There are a total of 3,440 EDs in the state, with an average population of 1,447 and average area of 20.4 km2. Populations now vary widely, ranging in 2016 from 38,894 for Blanchardstown–Blakestown in Fingal to 12 for Lackagh, North Tipperary and 7 for Ballynaneashagh, Waterford City. The DED/ED has been the lowest level of detail for printed census publications since independence. To maintain confidentiality, the Central Statistics Office (CSO) amalgamates 32 EDs with low population into neighbouring EDs in the presentation of detailed census data.

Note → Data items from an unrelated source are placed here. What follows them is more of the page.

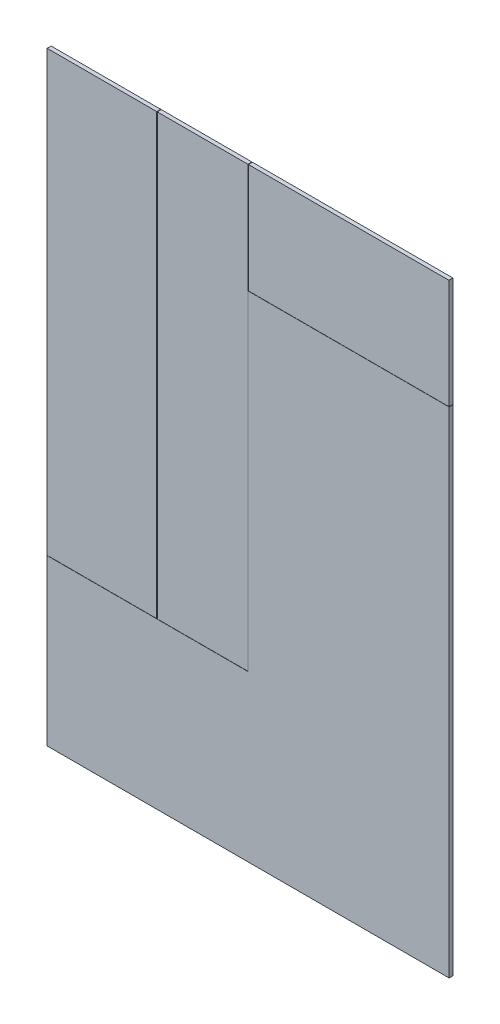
ISO-10303-21;
HEADER;
FILE_DESCRIPTION(('STEP AP214'),'2;1');
FILE_NAME('part.step','',(''),(''),'','','');
FILE_SCHEMA(('AUTOMOTIVE_DESIGN { 1 0 10303 214 1 1 1 1 }'));
ENDSEC;
DATA;
#1=APPLICATION_CONTEXT('core data for automotive mechanical design processes');
#2=APPLICATION_PROTOCOL_DEFINITION('international standard','automotive_design',2000,#1);
#3=PRODUCT_CONTEXT('',#1,'mechanical');
#4=PRODUCT('Part','Part','',(#3));
#5=PRODUCT_RELATED_PRODUCT_CATEGORY('part','',(#4));
#6=PRODUCT_DEFINITION_FORMATION('','',#4);
#7=PRODUCT_DEFINITION_CONTEXT('part definition',#1,'design');
#8=PRODUCT_DEFINITION('design','',#6,#7);
#9=PRODUCT_DEFINITION_SHAPE('','',#8);
#10=(LENGTH_UNIT() NAMED_UNIT(*) SI_UNIT(.MILLI.,.METRE.));
#11=(NAMED_UNIT(*) PLANE_ANGLE_UNIT() SI_UNIT($,.RADIAN.));
#12=(NAMED_UNIT(*) SI_UNIT($,.STERADIAN.) SOLID_ANGLE_UNIT());
#13=UNCERTAINTY_MEASURE_WITH_UNIT(LENGTH_MEASURE(1.E-05),#10,'distance_accuracy_value','');
#14=(GEOMETRIC_REPRESENTATION_CONTEXT(3) GLOBAL_UNCERTAINTY_ASSIGNED_CONTEXT((#13)) GLOBAL_UNIT_ASSIGNED_CONTEXT((#10,
#11,#12)) REPRESENTATION_CONTEXT('',''));
#15=CARTESIAN_POINT('',(0.,0.,0.));
#16=DIRECTION('',(0.,0.,1.));
#17=DIRECTION('',(1.,0.,0.));
#18=AXIS2_PLACEMENT_3D('',#15,#16,#17);
#19=CARTESIAN_POINT('',(0.,2750.,18.));
#20=DIRECTION('',(0.,-1.,0.));
#21=DIRECTION('',(1.,0.,0.));
#22=AXIS2_PLACEMENT_3D('',#19,#20,#21);
#23=PLANE('',#22);
#24=DIRECTION('',(-1.,0.,0.));
#25=VECTOR('',#24,1.);
#26=CARTESIAN_POINT('',(0.,2750.,0.));
#27=LINE('',#26,#25);
#28=CARTESIAN_POINT('',(-1328.99999999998,2750.,0.));
#29=VERTEX_POINT('',#28);
#30=CARTESIAN_POINT('',(-1329.99999999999,2750.,0.));
#31=VERTEX_POINT('',#30);
#32=EDGE_CURVE('E177',#29,#31,#27,.T.);
#33=ORIENTED_EDGE('',*,*,#32,.T.);
#34=DIRECTION('',(0.,0.,1.));
#35=VECTOR('',#34,1.);
#36=CARTESIAN_POINT('',(-1329.99999999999,2750.,0.));
#37=LINE('',#36,#35);
#38=CARTESIAN_POINT('',(-1329.99999999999,2750.,18.));
#39=VERTEX_POINT('',#38);
#40=EDGE_CURVE('E172',#31,#39,#37,.T.);
#41=ORIENTED_EDGE('',*,*,#40,.T.);
#42=DIRECTION('',(-1.,0.,0.));
#43=VECTOR('',#42,1.);
#44=CARTESIAN_POINT('',(0.,2750.,18.));
#45=LINE('',#44,#43);
#46=CARTESIAN_POINT('',(-1328.99999999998,2750.,18.));
#47=VERTEX_POINT('',#46);
#48=EDGE_CURVE('E162',#47,#39,#45,.T.);
#49=ORIENTED_EDGE('',*,*,#48,.F.);
#50=DIRECTION('',(0.,0.,1.));
#51=VECTOR('',#50,1.);
#52=CARTESIAN_POINT('',(-1328.99999999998,2750.,0.));
#53=LINE('',#52,#51);
#54=EDGE_CURVE('E213',#29,#47,#53,.T.);
#55=ORIENTED_EDGE('',*,*,#54,.F.);
#56=EDGE_LOOP('',(#33,#41,#49,#55));
#57=FACE_BOUND('',#56,.T.);
#58=ADVANCED_FACE('F43',(#57),#23,.F.);
#59=CARTESIAN_POINT('',(0.,0.,18.));
#60=DIRECTION('',(-1.,0.,0.));
#61=DIRECTION('',(0.,0.,1.));
#62=AXIS2_PLACEMENT_3D('',#59,#60,#61);
#63=PLANE('',#62);
#64=DIRECTION('',(0.,1.,0.));
#65=VECTOR('',#64,1.);
#66=CARTESIAN_POINT('',(0.,0.,0.));
#67=LINE('',#66,#65);
#68=CARTESIAN_POINT('',(0.,0.,0.));
#69=VERTEX_POINT('',#68);
#70=CARTESIAN_POINT('',(0.,2250.,0.));
#71=VERTEX_POINT('',#70);
#72=EDGE_CURVE('E154',#69,#71,#67,.T.);
#73=ORIENTED_EDGE('',*,*,#72,.T.);
#74=DIRECTION('',(0.,0.,1.));
#75=VECTOR('',#74,1.);
#76=CARTESIAN_POINT('',(0.,2250.,0.));
#77=LINE('',#76,#75);
#78=CARTESIAN_POINT('',(0.,2250.,18.));
#79=VERTEX_POINT('',#78);
#80=EDGE_CURVE('E142',#71,#79,#77,.T.);
#81=ORIENTED_EDGE('',*,*,#80,.T.);
#82=DIRECTION('',(0.,1.,0.));
#83=VECTOR('',#82,1.);
#84=CARTESIAN_POINT('',(0.,0.,18.));
#85=LINE('',#84,#83);
#86=CARTESIAN_POINT('',(0.,0.,18.));
#87=VERTEX_POINT('',#86);
#88=EDGE_CURVE('E152',#87,#79,#85,.T.);
#89=ORIENTED_EDGE('',*,*,#88,.F.);
#90=DIRECTION('',(0.,0.,-1.));
#91=VECTOR('',#90,1.);
#92=CARTESIAN_POINT('',(0.,0.,18.));
#93=LINE('',#92,#91);
#94=EDGE_CURVE('E155',#87,#69,#93,.T.);
#95=ORIENTED_EDGE('',*,*,#94,.T.);
#96=EDGE_LOOP('',(#73,#81,#89,#95));
#97=FACE_BOUND('',#96,.T.);
#98=ADVANCED_FACE('F150',(#97),#63,.F.);
#99=CARTESIAN_POINT('',(-913.999999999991,2750.,18.));
#100=VERTEX_POINT('',#99);
#101=CARTESIAN_POINT('',(-914.999999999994,2750.,18.));
#102=VERTEX_POINT('',#101);
#103=EDGE_CURVE('E160',#100,#102,#45,.T.);
#104=ORIENTED_EDGE('',*,*,#103,.F.);
#105=DIRECTION('',(0.,0.,1.));
#106=VECTOR('',#105,1.);
#107=CARTESIAN_POINT('',(-913.999999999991,2750.,0.));
#108=LINE('',#107,#106);
#109=CARTESIAN_POINT('',(-913.999999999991,2750.,0.));
#110=VERTEX_POINT('',#109);
#111=EDGE_CURVE('E136',#110,#100,#108,.T.);
#112=ORIENTED_EDGE('',*,*,#111,.F.);
#113=CARTESIAN_POINT('',(-914.999999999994,2750.,0.));
#114=VERTEX_POINT('',#113);
#115=EDGE_CURVE('E173',#110,#114,#27,.T.);
#116=ORIENTED_EDGE('',*,*,#115,.T.);
#117=DIRECTION('',(0.,0.,1.));
#118=VECTOR('',#117,1.);
#119=CARTESIAN_POINT('',(-914.999999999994,2750.,0.));
#120=LINE('',#119,#118);
#121=EDGE_CURVE('E176',#114,#102,#120,.T.);
#122=ORIENTED_EDGE('',*,*,#121,.T.);
#123=EDGE_LOOP('',(#104,#112,#116,#122));
#124=FACE_BOUND('',#123,.T.);
#125=ADVANCED_FACE('F230',(#124),#23,.F.);
#126=CARTESIAN_POINT('',(-1830.,-2.24110364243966E-13,18.));
#127=DIRECTION('',(1.,0.,0.));
#128=DIRECTION('',(0.,0.,-1.));
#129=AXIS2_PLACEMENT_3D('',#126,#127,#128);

Conversely, more populous EDs are subdivided to provide Small Area Population Statistics (SAPS); whereas sub-DED data could previously be requested from the CSO for a fee, SAPS data has been published online since 2002. The Nomenclature of Territorial Units for Statistics (NUTS) classification for Ireland formerly specified as "local administrative unit" (LAU) the 3,441 EDs (counting the Meath and Louth portions of St Mary's ED separately). Since 2019, Ireland's NUTS LAUs have been the 166 local electoral areas (LEAs). The 2019 Cork city extension left some EDs straddling the County–City boundary, as reflected in the consequential redrawing of the LEAs; that for Carrigaline LEA includes "those parts of the electoral divisions of Ballygarvan, Carrigaline (in the former rural district of Cork), Douglas, Inishkenny, and Monkstown Rural that are not contained within the City of Cork".

==Sources==
- LGBI (1900). "Twenty-seventh annual report of the Local Government Board for Ireland"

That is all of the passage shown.